So far I haven't heard much about the car park capacity requirement for the future, especially considering the car park is already full on week days by around 07:30am. 3 extra platforms would eat into the already existing capacity.

I have not heard where the trains currently residing in Jowitt sidings will stable under the new plans.

There is no new available information about the current architecture requirements of the bridges north and south of Bedford when the new lines are in place. Will the bridges suffice in their current state or will the bridges requirement a new build? Also the bridge at St Johns wasn't even mentioned, will that require a new build?

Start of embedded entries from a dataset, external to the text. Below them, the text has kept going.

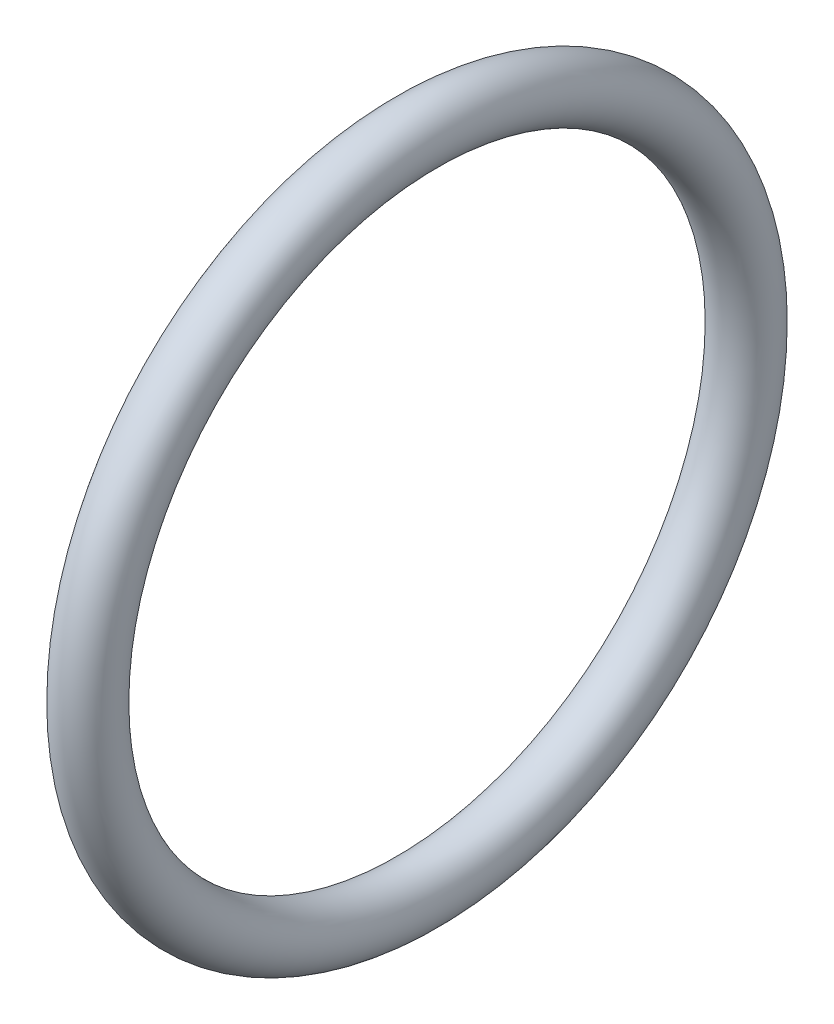
SolidWorks part; units mm, degrees
material "HYPALON"
ref_plane "Front Plane" through (0, 0, 0) normal (0, 0, 1) x (1, 0, 0)
ref_plane "Top Plane" through (0, 0, 0) normal (0, 1, 0) x (1, 0, 0)
ref_plane "Right Plane" through (0, 0, 0) normal (1, 0, 0) x (0, 0, -1)
sketch "Sketch2" plane through (0, 0, 0) normal (0, 0, 1) x (1, 0, 0)
  line L0 (0, 0) -> (15.7303, 0) construction
  circle A0 centre (0, 18) radius 1.5875
  dimension "D1" = 3.175
  dimension "D2" = 18
revolve "Revolve1" add sketch "Sketch2" angle 360 about L0
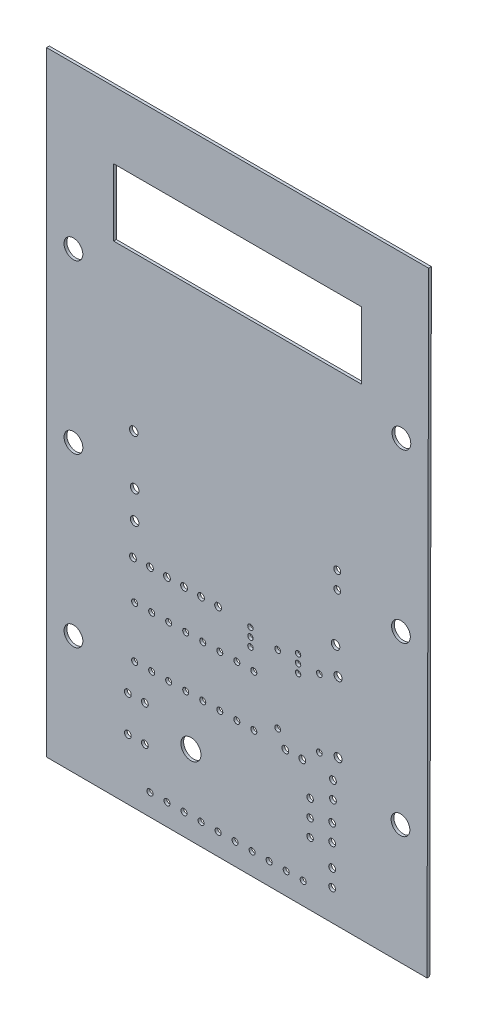
SolidWorks part; units mm, degrees
ref_plane "Front Plane" through (0, 0, 0) normal (0, 0, 1) x (1, 0, 0)
ref_plane "Top Plane" through (0, 0, 0) normal (0, 1, 0) x (1, 0, 0)
ref_plane "Right Plane" through (0, 0, 0) normal (1, 0, 0) x (0, 0, -1)
sketch "Sketch1" plane through (0, 0, 0) normal (0, 0, 1) x (1, 0, 0)
  line L0 (123.1803, 67.5548) -> (123.4282, 159.3916) construction
  line L1 (127.4282, 135.3808) -> (70.4281, 135.3808) construction
  line L2 (74.4281, 159.3813) -> (74.4384, 67.7095) construction
  line L3 (70.4384, 67.7091) -> (127.1803, 67.544)
  line L4 (70.4281, 159.3808) -> (70.4384, 67.7091)
  line L5 (127.1803, 67.544) -> (127.4282, 159.3808)
  line L6 (127.4282, 159.3808) -> (70.4281, 159.3808)
  line L7 (127.4282, 110.3808) -> (70.4281, 110.3808) construction
  line L8 (127.4282, 85.3808) -> (70.4281, 85.3808) construction
  line L9 (117.4309, 149.3808) -> (80.435, 149.3808)
  line L10 (117.4309, 149.3808) -> (117.4309, 139.3808)
  line L11 (117.4309, 139.3808) -> (80.435, 139.3808)
  line L12 (80.435, 149.3808) -> (80.435, 139.3808)
  circle A0 centre (113.792, 110.998) radius 0.508
  circle A1 centre (113.792, 113.538) radius 0.508
  circle A2 centre (113.919, 99.845) radius 0.6
  circle A3 centre (113.538, 103.759) radius 0.635
  circle A4 centre (107.95, 99.822) radius 0.4
  circle A5 centre (111.125, 98.806) radius 0.425
  circle A6 centre (113.919, 89.385) radius 0.6
  circle A7 centre (107.95, 98.552) radius 0.4
  circle A8 centre (111.125, 88.646) radius 0.425
  circle A9 centre (104.902, 98.806) radius 0.425
  circle A10 centre (107.95, 97.282) radius 0.4
  circle A11 centre (100.838, 99.695) radius 0.4
  circle A12 centre (100.838, 98.425) radius 0.4
  circle A13 centre (101.346, 94.234) radius 0.45
  circle A14 centre (104.902, 88.646) radius 0.425
  circle A15 centre (100.838, 97.155) radius 0.4
  circle A16 centre (101.346, 86.614) radius 0.45
  circle A17 centre (113.157, 86.106) radius 0.508
  circle A18 centre (113.157, 83.566) radius 0.508
  circle A19 centre (109.742, 82.0512) radius 0.4826
  circle A20 centre (113.03, 80.518) radius 0.508
  circle A21 centre (113.03, 74.676) radius 0.508
  circle A22 centre (113.03, 72.136) radius 0.508
  circle A23 centre (109.742, 79.5112) radius 0.4826
  circle A24 centre (113.03, 77.978) radius 0.508
  circle A25 centre (108.585, 86.487) radius 0.508
  circle A26 centre (109.742, 76.9712) radius 0.4826
  circle A27 centre (98.806, 86.614) radius 0.45
  circle A28 centre (106.045, 86.487) radius 0.508
  circle A29 centre (106.172, 70.866) radius 0.45
  circle A30 centre (108.712, 70.866) radius 0.45
  circle A31 centre (101.092, 70.866) radius 0.45
  circle A32 centre (103.632, 70.866) radius 0.45
  circle A33 centre (96.266, 94.234) radius 0.45
  circle A34 centre (96.012, 99.949) radius 0.508
  circle A35 centre (93.726, 94.234) radius 0.45
  circle A36 centre (90.932, 99.949) radius 0.508
  circle A37 centre (93.472, 99.949) radius 0.508
  circle A38 centre (98.806, 94.234) radius 0.45
  circle A39 centre (93.726, 86.614) radius 0.45
  circle A40 centre (88.646, 94.234) radius 0.45
  circle A41 centre (91.186, 94.234) radius 0.45
  circle A42 centre (83.566, 104.775) radius 0.635
  circle A43 centre (85.852, 99.949) radius 0.508
  circle A44 centre (83.439, 116.332) radius 0.635
  circle A45 centre (83.566, 108.966) radius 0.635
  circle A46 centre (88.392, 99.949) radius 0.508
  circle A47 centre (86.106, 94.234) radius 0.45
  circle A48 centre (83.312, 99.949) radius 0.508
  circle A49 centre (83.566, 94.234) radius 0.45
  circle A50 centre (91.186, 86.614) radius 0.45
  circle A51 centre (96.266, 86.614) radius 0.45
  circle A52 centre (88.646, 86.614) radius 0.45
  circle A53 centre (91.962, 79.5112) radius 1.5
  circle A54 centre (96.012, 70.866) radius 0.45
  circle A55 centre (98.552, 70.866) radius 0.45
  circle A56 centre (90.932, 70.866) radius 0.45
  circle A57 centre (93.472, 70.866) radius 0.45
  circle A58 centre (86.106, 86.614) radius 0.45
  circle A59 centre (85.09, 82.042) radius 0.508
  circle A60 centre (83.566, 86.614) radius 0.45
  circle A61 centre (82.55, 82.042) radius 0.508
  circle A62 centre (85.852, 70.866) radius 0.45
  circle A63 centre (88.392, 70.866) radius 0.45
  circle A64 centre (82.55, 76.708) radius 0.508
  circle A65 centre (85.09, 76.708) radius 0.508
  circle A66 centre (123.3634, 135.3808) radius 1.4
  circle A67 centre (74.4308, 135.3808) radius 1.4
  circle A68 centre (74.4336, 110.3808) radius 1.4
  circle A69 centre (123.2959, 110.3808) radius 1.4
  circle A70 centre (74.4364, 85.3808) radius 1.4
  circle A71 centre (123.2284, 85.3808) radius 1.4
  dimension "D3" = 2.8
  dimension "D5" = 2.8
  dimension "D1" = 4
  dimension "D4" = 4
  dimension "D2" = 24
  dimension "D6" = 25
  dimension "D7" = 25
extrude "Boss-Extrude1" add sketch "Sketch1" against normal blind 0.4115
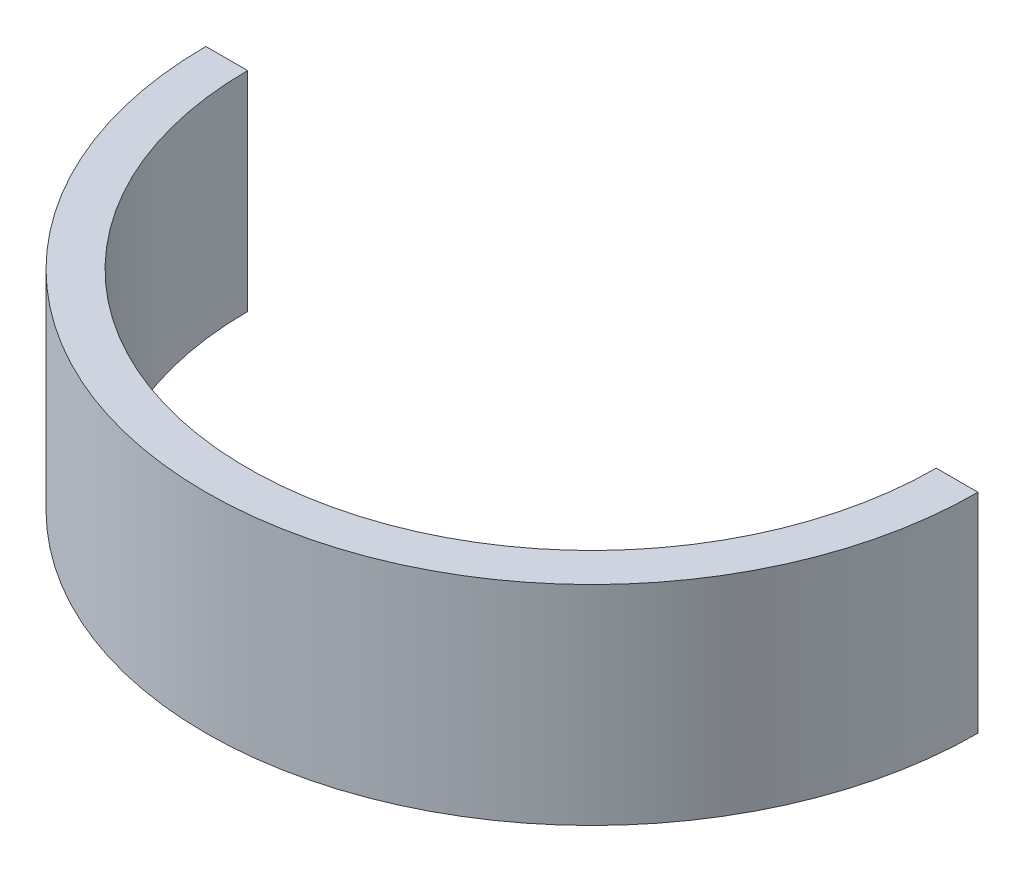
SolidWorks part; units mm, degrees
ref_plane "Front" through (0, 0, 0) normal (0, 0, 1) x (1, 0, 0)
ref_plane "Top" through (0, 0, 0) normal (0, 1, 0) x (1, 0, 0)
ref_plane "Right" through (0, 0, 0) normal (1, 0, 0) x (0, 0, -1)
sketch "草图1" plane through (0, 0, 0) normal (0, 1, 0) x (1, 0, 0)
  line L0 (-74, 0) -> (-66, 0)
  line L1 (66, 0) -> (74, 0)
  arc A0 (-74, 0) -> (74, 0) centre (0, 0) ccw
  arc A1 (-66, 0) -> (66, 0) centre (0, 0) ccw
extrude "凸台-拉伸1" add sketch "草图1" along normal blind 40

Although there are plans for the Bedford station layout taken directly from the video presentation at 40:22 time stamp. https://bedford.public-i.tv/core/portal/webcast_interactive/853510

1707392185539.png

What is interesting in the above map is that the new platforms east of the station to support EWR terminate south of the Bromham road bridge and continue on a 4 track alignment. Is this a mistake? Since 10 mins of the presentation are allocated to 6 tracking this makes this map a little redundant.

The presentation states that current P3 will be used as a freight holding platform (Excellent in my humble opinion) and that GTR (Grovia Thameslink) will stable in P0 (currently 1A but with capacity for 12 car trains), P1 and P2. P3 can still be used to stable reversing GTR trains when pushed for capacity.

P5 will loop round the back of P4, apparently this is greenlit by all parties but it seems to be a loop only, not used for high speed. Unless its used to reverse trains i'm not sure what benefit it actually has unless the down fast is used as an up fast. Judging by the point alignment facilitating that in the map thats what is in mind.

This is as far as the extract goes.